Efforts to unify Catholics through the metaphor of the “seamless garment” of Catholic social teaching have only met with partisan responses. Liberal Catholics interpret the unity in terms of equivalency, as if caring for the poor absolved one of responsibility to defend the un-born; conservative Catholics interpret the unity in terms of hierarchy, as if defending the unborn absolves them of the “lesser” good of caring for the poor. Efforts to close these loopholes through the idea of a “consistent life ethic” have failed to correct liberal and conservative inconsistencies.[5] Perhaps Leo was more prophetic than he knew: this partisan, politicized Catholicism reflects nothing if not the triumph of “private judgment,” the freedom to fashion a Catholicism to suit our own personal preferences. This is the triumph of Americanism in our own time.
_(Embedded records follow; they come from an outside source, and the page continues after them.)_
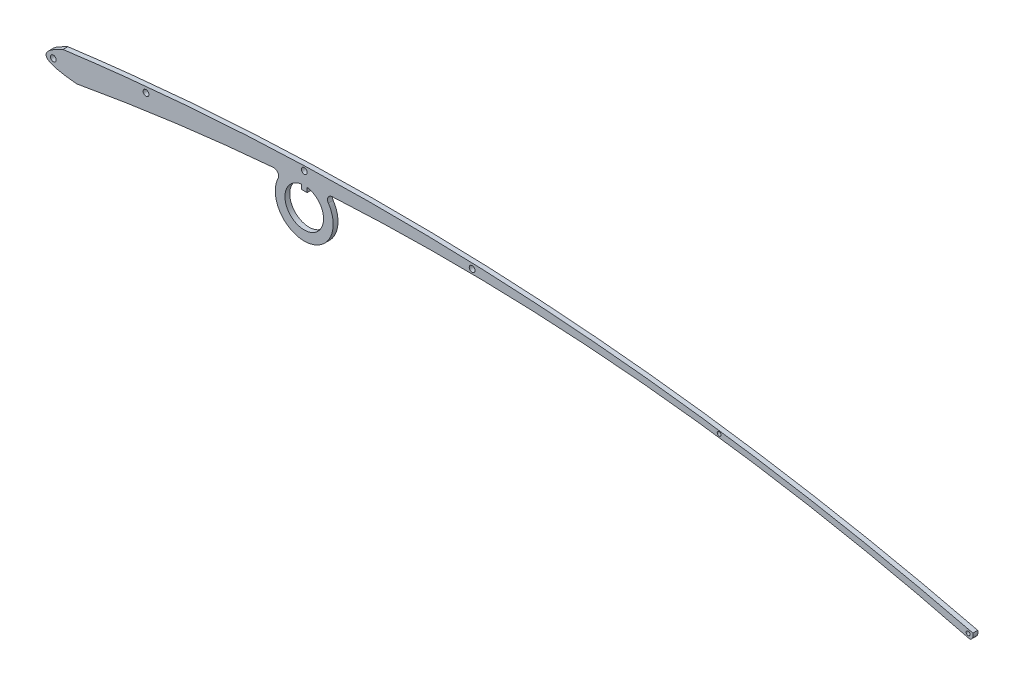
ISO-10303-21;
HEADER;
FILE_DESCRIPTION(('STEP AP214'),'2;1');
FILE_NAME('part.step','',(''),(''),'','','');
FILE_SCHEMA(('AUTOMOTIVE_DESIGN { 1 0 10303 214 1 1 1 1 }'));
ENDSEC;
DATA;
#1=APPLICATION_CONTEXT('core data for automotive mechanical design processes');
#2=APPLICATION_PROTOCOL_DEFINITION('international standard','automotive_design',2000,#1);
#3=PRODUCT_CONTEXT('',#1,'mechanical');
#4=PRODUCT('Part','Part','',(#3));
#5=PRODUCT_RELATED_PRODUCT_CATEGORY('part','',(#4));
#6=PRODUCT_DEFINITION_FORMATION('','',#4);
#7=PRODUCT_DEFINITION_CONTEXT('part definition',#1,'design');
#8=PRODUCT_DEFINITION('design','',#6,#7);
#9=PRODUCT_DEFINITION_SHAPE('','',#8);
#10=(LENGTH_UNIT() NAMED_UNIT(*) SI_UNIT(.MILLI.,.METRE.));
#11=(NAMED_UNIT(*) PLANE_ANGLE_UNIT() SI_UNIT($,.RADIAN.));
#12=(NAMED_UNIT(*) SI_UNIT($,.STERADIAN.) SOLID_ANGLE_UNIT());
#13=UNCERTAINTY_MEASURE_WITH_UNIT(LENGTH_MEASURE(1.E-05),#10,'distance_accuracy_value','');
#14=(GEOMETRIC_REPRESENTATION_CONTEXT(3) GLOBAL_UNCERTAINTY_ASSIGNED_CONTEXT((#13)) GLOBAL_UNIT_ASSIGNED_CONTEXT((#10,
#11,#12)) REPRESENTATION_CONTEXT('',''));
#15=CARTESIAN_POINT('',(0.,0.,0.));
#16=DIRECTION('',(0.,0.,1.));
#17=DIRECTION('',(1.,0.,0.));
#18=AXIS2_PLACEMENT_3D('',#15,#16,#17);
#19=CARTESIAN_POINT('',(1.4,-2.38,0.25));
#20=CARTESIAN_POINT('',(47.9545618267195,5.97686786365619,0.25));
#21=CARTESIAN_POINT('',(94.,-5.94,0.25));
#22=B_SPLINE_CURVE_WITH_KNOTS('',2,(#19,#20,#21),.UNSPECIFIED.,.F.,.F.,(3,3),(0.,1.),.UNSPECIFIED.);
#23=DIRECTION('',(0.,0.,-1.));
#24=VECTOR('',#23,1.);
#25=SURFACE_OF_LINEAR_EXTRUSION('',#22,#24);
#26=CARTESIAN_POINT('',(1.4,-2.38,-0.25));
#27=CARTESIAN_POINT('',(47.9545618267195,5.97686786365619,-0.25));
#28=CARTESIAN_POINT('',(94.,-5.94,-0.25));
#29=B_SPLINE_CURVE_WITH_KNOTS('',2,(#26,#27,#28),.UNSPECIFIED.,.F.,.F.,(3,3),(0.,1.),.UNSPECIFIED.);
#30=CARTESIAN_POINT('',(1.4,-2.38,-0.25));
#31=VERTEX_POINT('',#30);
#32=CARTESIAN_POINT('',(21.8018402597414,0.310938770262004,-0.25));
#33=VERTEX_POINT('',#32);
#34=EDGE_CURVE('E251',#31,#33,#29,.T.);
#35=ORIENTED_EDGE('',*,*,#34,.T.);
#36=DIRECTION('',(0.,0.,-1.));
#37=VECTOR('',#36,1.);
#38=CARTESIAN_POINT('',(21.8018402597414,0.310938770262003,-0.25));
#39=LINE('',#38,#37);
#40=CARTESIAN_POINT('',(21.8018402597414,0.310938770262004,0.25));
#41=VERTEX_POINT('',#40);
#42=EDGE_CURVE('E253',#33,#41,#39,.F.);
#43=ORIENTED_EDGE('',*,*,#42,.T.);
#44=CARTESIAN_POINT('',(1.4,-2.38,0.25));
#45=VERTEX_POINT('',#44);
#46=EDGE_CURVE('E214',#45,#41,#22,.T.);
#47=ORIENTED_EDGE('',*,*,#46,.F.);
#48=DIRECTION('',(0.,0.,-1.));
#49=VECTOR('',#48,1.);
#50=CARTESIAN_POINT('',(1.4,-2.38,0.25));
#51=LINE('',#50,#49);
#52=EDGE_CURVE('E256',#45,#31,#51,.T.);
#53=ORIENTED_EDGE('',*,*,#52,.T.);
#54=EDGE_LOOP('',(#35,#43,#47,#53));
#55=FACE_BOUND('',#54,.T.);
#56=ADVANCED_FACE('F34',(#55),#25,.F.);
#57=CARTESIAN_POINT('',(27.8873530453311,0.736269524725093,0.25));
#58=VERTEX_POINT('',#57);
#59=CARTESIAN_POINT('',(94.,-5.94,0.25));
#60=VERTEX_POINT('',#59);
#61=EDGE_CURVE('E212',#58,#60,#22,.T.);
#62=ORIENTED_EDGE('',*,*,#61,.F.);
#63=DIRECTION('',(0.,0.,-1.));
#64=VECTOR('',#63,1.);
#65=CARTESIAN_POINT('',(27.8873530453311,0.736269524725093,0.25));
#66=LINE('',#65,#64);
#67=CARTESIAN_POINT('',(27.8873530453311,0.736269524725093,-0.25));
#68=VERTEX_POINT('',#67);
#69=EDGE_CURVE('E267',#58,#68,#66,.T.);
#70=ORIENTED_EDGE('',*,*,#69,.T.);
#71=CARTESIAN_POINT('',(94.,-5.94,-0.25));
#72=VERTEX_POINT('',#71);
#73=EDGE_CURVE('E261',#68,#72,#29,.T.);
#74=ORIENTED_EDGE('',*,*,#73,.T.);
#75=DIRECTION('',(0.,0.,-1.));
#76=VECTOR('',#75,1.);
#77=CARTESIAN_POINT('',(94.,-5.94,0.25));
#78=LINE('',#77,#76);
#79=EDGE_CURVE('E284',#60,#72,#78,.T.);
#80=ORIENTED_EDGE('',*,*,#79,.F.);
#81=EDGE_LOOP('',(#62,#70,#74,#80));
#82=FACE_BOUND('',#81,.T.);
#83=ADVANCED_FACE('F227',(#82),#25,.F.);
#84=CARTESIAN_POINT('',(0.,0.,0.25));
#85=CARTESIAN_POINT('',(-4.123736473106,-1.85948761779572,0.25));
#86=CARTESIAN_POINT('',(1.4,-2.38,0.25));
#87=B_SPLINE_CURVE_WITH_KNOTS('',2,(#84,#85,#86),.UNSPECIFIED.,.F.,.F.,(3,3),(0.,1.),.UNSPECIFIED.);
#88=DIRECTION('',(0.,0.,-1.));
#89=VECTOR('',#88,1.);
#90=SURFACE_OF_LINEAR_EXTRUSION('',#87,#89);
#91=CARTESIAN_POINT('',(0.,0.,-0.25));
#92=CARTESIAN_POINT('',(-4.123736473106,-1.85948761779572,-0.25));
#93=CARTESIAN_POINT('',(1.4,-2.38,-0.25));
#94=B_SPLINE_CURVE_WITH_KNOTS('',2,(#91,#92,#93),.UNSPECIFIED.,.F.,.F.,(3,3),(0.,1.),.UNSPECIFIED.);
#95=CARTESIAN_POINT('',(0.,0.,-0.25));
#96=VERTEX_POINT('',#95);
#97=EDGE_CURVE('E173',#96,#31,#94,.T.);
#98=ORIENTED_EDGE('',*,*,#97,.T.);
#99=ORIENTED_EDGE('',*,*,#52,.F.);
#100=CARTESIAN_POINT('',(0.,0.,0.25));
#101=VERTEX_POINT('',#100);
#102=EDGE_CURVE('E206',#101,#45,#87,.T.);
#103=ORIENTED_EDGE('',*,*,#102,.F.);
#104=DIRECTION('',(0.,0.,-1.));
#105=VECTOR('',#104,1.);
#106=CARTESIAN_POINT('',(0.,0.,0.25));
#107=LINE('',#106,#105);
#108=EDGE_CURVE('E292',#101,#96,#107,.T.);
#109=ORIENTED_EDGE('',*,*,#108,.T.);
#110=EDGE_LOOP('',(#98,#99,#103,#109));
#111=FACE_BOUND('',#110,.T.);
#112=ADVANCED_FACE('F223',(#111),#90,.F.);
#113=CARTESIAN_POINT('',(93.7263979147297,-5.40601320340692,0.25));
#114=DIRECTION('',(0.,0.,-1.));
#115=DIRECTION('',(-1.,0.,0.));
#116=AXIS2_PLACEMENT_3D('',#113,#114,#115);
#117=CYLINDRICAL_SURFACE('',#116,0.599999999999999);
#118=CARTESIAN_POINT('',(93.7263979147297,-5.40601320340692,-0.25));
#119=DIRECTION('',(0.,0.,1.));
#120=DIRECTION('',(-1.,0.,0.));
#121=AXIS2_PLACEMENT_3D('',#118,#119,#120);
#122=CIRCLE('',#121,0.599999999999999);
#123=CARTESIAN_POINT('',(94.3,-5.23,-0.25));
#124=VERTEX_POINT('',#123);
#125=EDGE_CURVE('E260',#72,#124,#122,.T.);
#126=ORIENTED_EDGE('',*,*,#125,.T.);
#127=DIRECTION('',(0.,0.,-1.));
#128=VECTOR('',#127,1.);
#129=CARTESIAN_POINT('',(94.3,-5.23,0.25));
#130=LINE('',#129,#128);
#131=CARTESIAN_POINT('',(94.3,-5.23,0.25));
#132=VERTEX_POINT('',#131);
#133=EDGE_CURVE('E289',#132,#124,#130,.T.);
#134=ORIENTED_EDGE('',*,*,#133,.F.);
#135=CARTESIAN_POINT('',(93.7263979147297,-5.40601320340692,0.25));
#136=DIRECTION('',(0.,0.,1.));
#137=DIRECTION('',(-1.,0.,0.));
#138=AXIS2_PLACEMENT_3D('',#135,#136,#137);
#139=CIRCLE('',#138,0.599999999999999);
#140=EDGE_CURVE('E317',#60,#132,#139,.T.);
#141=ORIENTED_EDGE('',*,*,#140,.F.);
#142=ORIENTED_EDGE('',*,*,#79,.T.);
#143=EDGE_LOOP('',(#126,#134,#141,#142));
#144=FACE_BOUND('',#143,.T.);
#145=ADVANCED_FACE('F226',(#144),#117,.T.);
#146=CARTESIAN_POINT('',(94.3,-5.23,0.25));
#147=CARTESIAN_POINT('',(47.2732663174782,6.25577884848937,0.25));
#148=CARTESIAN_POINT('',(0.,0.,0.25));
#149=B_SPLINE_CURVE_WITH_KNOTS('',2,(#146,#147,#148),.UNSPECIFIED.,.F.,.F.,(3,3),(0.,1.),.UNSPECIFIED.);
#150=DIRECTION('',(0.,0.,-1.));
#151=VECTOR('',#150,1.);
#152=SURFACE_OF_LINEAR_EXTRUSION('',#149,#151);
#153=CARTESIAN_POINT('',(94.3,-5.23,-0.25));
#154=CARTESIAN_POINT('',(47.2732663174782,6.25577884848937,-0.25));
#155=CARTESIAN_POINT('',(0.,0.,-0.25));
#156=B_SPLINE_CURVE_WITH_KNOTS('',2,(#153,#154,#155),.UNSPECIFIED.,.F.,.F.,(3,3),(0.,1.),.UNSPECIFIED.);
#157=EDGE_CURVE('E213',#124,#96,#156,.T.);
#158=ORIENTED_EDGE('',*,*,#157,.T.);
#159=ORIENTED_EDGE('',*,*,#108,.F.);
#160=EDGE_CURVE('E295',#132,#101,#149,.T.);
#161=ORIENTED_EDGE('',*,*,#160,.F.);
#162=ORIENTED_EDGE('',*,*,#133,.T.);
#163=EDGE_LOOP('',(#158,#159,#161,#162));
#164=FACE_BOUND('',#163,.T.);
#165=ADVANCED_FACE('F322',(#164),#152,.F.);
#166=CARTESIAN_POINT('',(-1.711868236553,-1.52474380889786,0.25));
#167=DIRECTION('',(0.,0.,-1.));
#168=DIRECTION('',(-1.,0.,0.));
#169=AXIS2_PLACEMENT_3D('',#166,#167,#168);
#170=PLANE('',#169);
#171=CARTESIAN_POINT('',(-1.,-1.3,0.25));
#172=DIRECTION('',(0.,0.,1.));
#173=DIRECTION('',(1.,0.,0.));
#174=AXIS2_PLACEMENT_3D('',#171,#172,#173);
#175=CIRCLE('',#174,0.3);
#176=CARTESIAN_POINT('',(-0.7,-1.3,0.25));
#177=VERTEX_POINT('',#176);
#178=EDGE_CURVE('E174',#177,#177,#175,.T.);
#179=ORIENTED_EDGE('',*,*,#178,.F.);
#180=EDGE_LOOP('',(#179));
#181=FACE_BOUND('',#180,.T.);
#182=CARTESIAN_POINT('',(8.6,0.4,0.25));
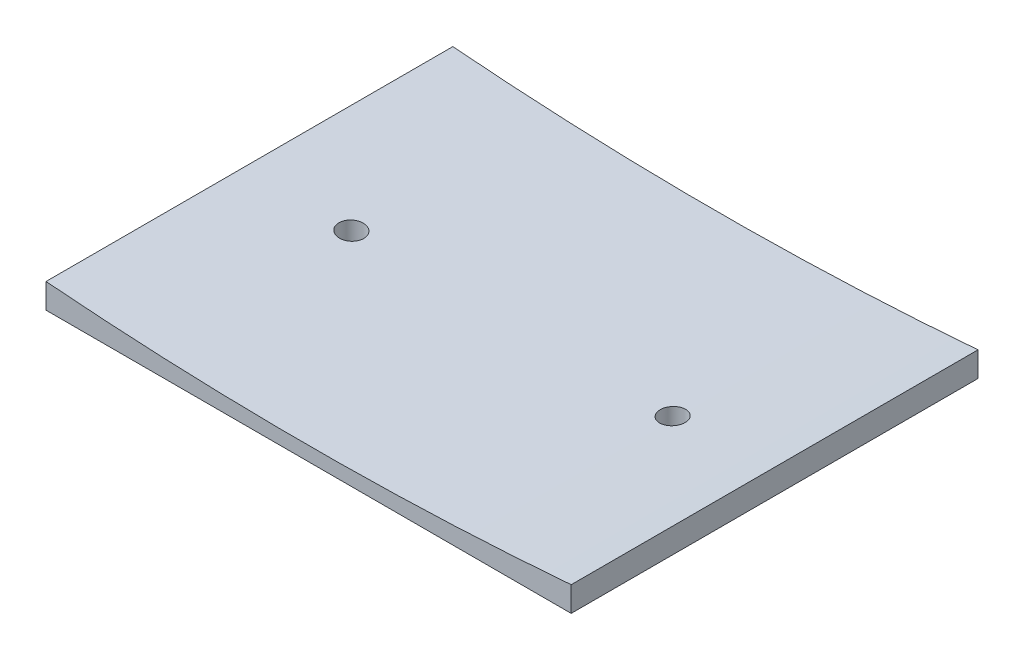
ISO-10303-21;
HEADER;
FILE_DESCRIPTION(('STEP AP214'),'2;1');
FILE_NAME('part.step','',(''),(''),'','','');
FILE_SCHEMA(('AUTOMOTIVE_DESIGN { 1 0 10303 214 1 1 1 1 }'));
ENDSEC;
DATA;
#1=APPLICATION_CONTEXT('core data for automotive mechanical design processes');
#2=APPLICATION_PROTOCOL_DEFINITION('international standard','automotive_design',2000,#1);
#3=PRODUCT_CONTEXT('',#1,'mechanical');
#4=PRODUCT('Part','Part','',(#3));
#5=PRODUCT_RELATED_PRODUCT_CATEGORY('part','',(#4));
#6=PRODUCT_DEFINITION_FORMATION('','',#4);
#7=PRODUCT_DEFINITION_CONTEXT('part definition',#1,'design');
#8=PRODUCT_DEFINITION('design','',#6,#7);
#9=PRODUCT_DEFINITION_SHAPE('','',#8);
#10=(LENGTH_UNIT() NAMED_UNIT(*) SI_UNIT(.MILLI.,.METRE.));
#11=(NAMED_UNIT(*) PLANE_ANGLE_UNIT() SI_UNIT($,.RADIAN.));
#12=(NAMED_UNIT(*) SI_UNIT($,.STERADIAN.) SOLID_ANGLE_UNIT());
#13=UNCERTAINTY_MEASURE_WITH_UNIT(LENGTH_MEASURE(1.E-05),#10,'distance_accuracy_value','');
#14=(GEOMETRIC_REPRESENTATION_CONTEXT(3) GLOBAL_UNCERTAINTY_ASSIGNED_CONTEXT((#13)) GLOBAL_UNIT_ASSIGNED_CONTEXT((#10,
#11,#12)) REPRESENTATION_CONTEXT('',''));
#15=CARTESIAN_POINT('',(0.,0.,0.));
#16=DIRECTION('',(0.,0.,1.));
#17=DIRECTION('',(1.,0.,0.));
#18=AXIS2_PLACEMENT_3D('',#15,#16,#17);
#19=CARTESIAN_POINT('',(-18.6005226480836,2.5,-9.07029616724739));
#20=DIRECTION('',(1.,0.,0.));
#21=DIRECTION('',(0.,0.,-1.));
#22=AXIS2_PLACEMENT_3D('',#19,#20,#21);
#23=PLANE('',#22);
#24=DIRECTION('',(0.,0.,1.));
#25=VECTOR('',#24,1.);
#26=CARTESIAN_POINT('',(-18.6005226480836,0.,-9.07029616724739));
#27=LINE('',#26,#25);
#28=CARTESIAN_POINT('',(-18.6005226480836,0.,-9.07029616724739));
#29=VERTEX_POINT('',#28);
#30=CARTESIAN_POINT('',(-18.6005226480836,0.,31.8297038327526));
#31=VERTEX_POINT('',#30);
#32=EDGE_CURVE('E105',#29,#31,#27,.T.);
#33=ORIENTED_EDGE('',*,*,#32,.T.);
#34=DIRECTION('',(0.,-1.,0.));
#35=VECTOR('',#34,1.);
#36=CARTESIAN_POINT('',(-18.6005226480836,2.5,31.8297038327526));
#37=LINE('',#36,#35);
#38=CARTESIAN_POINT('',(-18.6005226480836,2.5,31.8297038327526));
#39=VERTEX_POINT('',#38);
#40=EDGE_CURVE('E11',#39,#31,#37,.T.);
#41=ORIENTED_EDGE('',*,*,#40,.F.);
#42=DIRECTION('',(0.,0.,1.));
#43=VECTOR('',#42,1.);
#44=CARTESIAN_POINT('',(-18.6005226480836,2.5,-9.07029616724739));
#45=LINE('',#44,#43);
#46=CARTESIAN_POINT('',(-18.6005226480836,2.5,-9.07029616724739));
#47=VERTEX_POINT('',#46);
#48=EDGE_CURVE('E107',#47,#39,#45,.T.);
#49=ORIENTED_EDGE('',*,*,#48,.F.);
#50=DIRECTION('',(0.,-1.,0.));
#51=VECTOR('',#50,1.);
#52=CARTESIAN_POINT('',(-18.6005226480836,2.5,-9.07029616724739));
#53=LINE('',#52,#51);
#54=EDGE_CURVE('E100',#47,#29,#53,.T.);
#55=ORIENTED_EDGE('',*,*,#54,.T.);
#56=EDGE_LOOP('',(#33,#41,#49,#55));
#57=FACE_BOUND('',#56,.T.);
#58=ADVANCED_FACE('F40',(#57),#23,.F.);
#59=CARTESIAN_POINT('',(-18.6005226480836,2.5,31.8297038327526));
#60=DIRECTION('',(0.,0.,-1.));
#61=DIRECTION('',(-1.,0.,0.));
#62=AXIS2_PLACEMENT_3D('',#59,#60,#61);
#63=PLANE('',#62);
#64=DIRECTION('',(0.,-1.,0.));
#65=VECTOR('',#64,1.);
#66=CARTESIAN_POINT('',(34.1994773519164,2.5,31.8297038327526));
#67=LINE('',#66,#65);
#68=CARTESIAN_POINT('',(34.1994773519164,2.5,31.8297038327526));
#69=VERTEX_POINT('',#68);
#70=CARTESIAN_POINT('',(34.1994773519164,0.,31.8297038327526));
#71=VERTEX_POINT('',#70);
#72=EDGE_CURVE('E55',#69,#71,#67,.T.);
#73=ORIENTED_EDGE('',*,*,#72,.F.);
#74=CARTESIAN_POINT('',(7.79947735191637,325.208465073981,31.8297038327526));
#75=DIRECTION('',(0.,0.,1.));
#76=DIRECTION('',(1.,0.,0.));
#77=AXIS2_PLACEMENT_3D('',#74,#75,#76);
#78=CIRCLE('',#77,323.786524473155);
#79=EDGE_CURVE('E63',#39,#69,#78,.T.);
#80=ORIENTED_EDGE('',*,*,#79,.F.);
#81=ORIENTED_EDGE('',*,*,#40,.T.);
#82=DIRECTION('',(1.,0.,0.));
#83=VECTOR('',#82,1.);
#84=CARTESIAN_POINT('',(-18.6005226480836,0.,31.8297038327526));
#85=LINE('',#84,#83);
#86=EDGE_CURVE('E90',#31,#71,#85,.T.);
#87=ORIENTED_EDGE('',*,*,#86,.T.);
#88=EDGE_LOOP('',(#73,#80,#81,#87));
#89=FACE_BOUND('',#88,.T.);
#90=ADVANCED_FACE('F142',(#89),#63,.F.);
#91=CARTESIAN_POINT('',(34.1994773519164,2.5,-9.07029616724739));
#92=DIRECTION('',(-1.,0.,0.));
#93=DIRECTION('',(0.,0.,1.));
#94=AXIS2_PLACEMENT_3D('',#91,#92,#93);
#95=PLANE('',#94);
#96=DIRECTION('',(0.,0.,-1.));
#97=VECTOR('',#96,1.);
#98=CARTESIAN_POINT('',(34.1994773519164,0.,-9.07029616724739));
#99=LINE('',#98,#97);
#100=CARTESIAN_POINT('',(34.1994773519164,0.,-9.07029616724739));
#101=VERTEX_POINT('',#100);
#102=EDGE_CURVE('E81',#71,#101,#99,.T.);
#103=ORIENTED_EDGE('',*,*,#102,.T.);
#104=DIRECTION('',(0.,-1.,0.));
#105=VECTOR('',#104,1.);
#106=CARTESIAN_POINT('',(34.1994773519164,2.5,-9.07029616724739));
#107=LINE('',#106,#105);
#108=CARTESIAN_POINT('',(34.1994773519164,2.5,-9.07029616724739));
#109=VERTEX_POINT('',#108);
#110=EDGE_CURVE('E85',#109,#101,#107,.T.);
#111=ORIENTED_EDGE('',*,*,#110,.F.);
#112=DIRECTION('',(0.,0.,-1.));
#113=VECTOR('',#112,1.);
#114=CARTESIAN_POINT('',(34.1994773519164,2.5,-9.07029616724739));
#115=LINE('',#114,#113);
#116=EDGE_CURVE('E111',#69,#109,#115,.T.);
#117=ORIENTED_EDGE('',*,*,#116,.F.);
#118=ORIENTED_EDGE('',*,*,#72,.T.);
#119=EDGE_LOOP('',(#103,#111,#117,#118));
#120=FACE_BOUND('',#119,.T.);
#121=ADVANCED_FACE('F83',(#120),#95,.F.);
#122=CARTESIAN_POINT('',(-18.6005226480836,2.5,-9.07029616724739));
#123=DIRECTION('',(0.,0.,1.));
#124=DIRECTION('',(1.,0.,0.));
#125=AXIS2_PLACEMENT_3D('',#122,#123,#124);
#126=PLANE('',#125);
#127=ORIENTED_EDGE('',*,*,#54,.F.);
#128=CARTESIAN_POINT('',(7.79947735191637,325.208465073981,-9.07029616724739));
#129=DIRECTION('',(0.,0.,1.));
#130=DIRECTION('',(1.,0.,0.));
#131=AXIS2_PLACEMENT_3D('',#128,#129,#130);
#132=CIRCLE('',#131,323.786524473155);
#133=EDGE_CURVE('E98',#47,#109,#132,.T.);
#134=ORIENTED_EDGE('',*,*,#133,.T.);
#135=ORIENTED_EDGE('',*,*,#110,.T.);
#136=DIRECTION('',(-1.,0.,0.));
#137=VECTOR('',#136,1.);
#138=CARTESIAN_POINT('',(-18.6005226480836,0.,-9.07029616724739));
#139=LINE('',#138,#137);
#140=EDGE_CURVE('E89',#101,#29,#139,.T.);
#141=ORIENTED_EDGE('',*,*,#140,.T.);
#142=EDGE_LOOP('',(#127,#134,#135,#141));
#143=FACE_BOUND('',#142,.T.);
#144=ADVANCED_FACE('F95',(#143),#126,.F.);
#145=CARTESIAN_POINT('',(0.,0.,0.));
#146=DIRECTION('',(0.,1.,0.));
#147=DIRECTION('',(0.,0.,1.));
#148=AXIS2_PLACEMENT_3D('',#145,#146,#147);
#149=PLANE('',#148);
#150=CARTESIAN_POINT('',(23.9494773519164,0.,11.3797038327526));
#151=DIRECTION('',(0.,-1.,0.));
#152=DIRECTION('',(0.,0.,-1.));
#153=AXIS2_PLACEMENT_3D('',#150,#151,#152);
#154=CIRCLE('',#153,1.25);
#155=CARTESIAN_POINT('',(23.9494773519164,0.,10.1297038327526));
#156=VERTEX_POINT('',#155);
#157=EDGE_CURVE('E125',#156,#156,#154,.T.);
#158=ORIENTED_EDGE('',*,*,#157,.F.);
#159=EDGE_LOOP('',(#158));
#160=FACE_BOUND('',#159,.T.);
#161=CARTESIAN_POINT('',(-8.35052264808363,0.,11.3797038327526));
#162=DIRECTION('',(0.,-1.,0.));
#163=DIRECTION('',(0.,0.,1.));
#164=AXIS2_PLACEMENT_3D('',#161,#162,#163);
#165=CIRCLE('',#164,1.24999999999999);
#166=CARTESIAN_POINT('',(-8.35052264808363,0.,12.6297038327526));
#167=VERTEX_POINT('',#166);
#168=EDGE_CURVE('E162',#167,#167,#165,.T.);
#169=ORIENTED_EDGE('',*,*,#168,.F.);
#170=EDGE_LOOP('',(#169));
#171=FACE_BOUND('',#170,.T.);
#172=ORIENTED_EDGE('',*,*,#32,.F.);
#173=ORIENTED_EDGE('',*,*,#140,.F.);
#174=ORIENTED_EDGE('',*,*,#102,.F.);
#175=ORIENTED_EDGE('',*,*,#86,.F.);
#176=EDGE_LOOP('',(#172,#173,#174,#175));
#177=FACE_BOUND('',#176,.T.);
#178=ADVANCED_FACE('F103',(#160,#171,#177),#149,.F.);
#179=CARTESIAN_POINT('',(7.79947735191637,325.208465073981,-12.1702961672474));
#180=DIRECTION('',(0.,0.,1.));
#181=DIRECTION('',(1.,0.,0.));
#182=AXIS2_PLACEMENT_3D('',#179,#180,#181);
#183=CYLINDRICAL_SURFACE('',#182,323.786524473155);
#184=CARTESIAN_POINT('',(23.9494773519164,1.82496065483967,10.1297038327526));
#185=CARTESIAN_POINT('',(24.0197636927124,1.82847083703618,10.1297069401704));
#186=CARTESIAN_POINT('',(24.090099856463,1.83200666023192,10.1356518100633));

So what, to the Catholic, is the Fourth of July? Looking back, it is a day of gratitude to a country that provided a home for millions of uprooted immigrants and enabled them, for a time, to recreate authentic Catholic communities in America. Looking forward, it is gratitude for the freedom to recreate communities of faith once again—different communities under different circumstances, but part of a tradition of Catholic life ever recreating itself in continuity with the enduring truths of the faith. In America, this recreation will inevitably be, in part, a political task, for communities are never purely private. The forces undermining Catholic culture have never been only cultural, but always also political, social and economic; they must be met with appropriate counterforce. Catholics capable of seeing beyond our current political polarization should also be able to see that if American political freedom means anything it means the ability to envision and enact political alternatives, even alternative political parties. As we contemplate the Fourth of July, it is time for Catholics once more to declare their independence.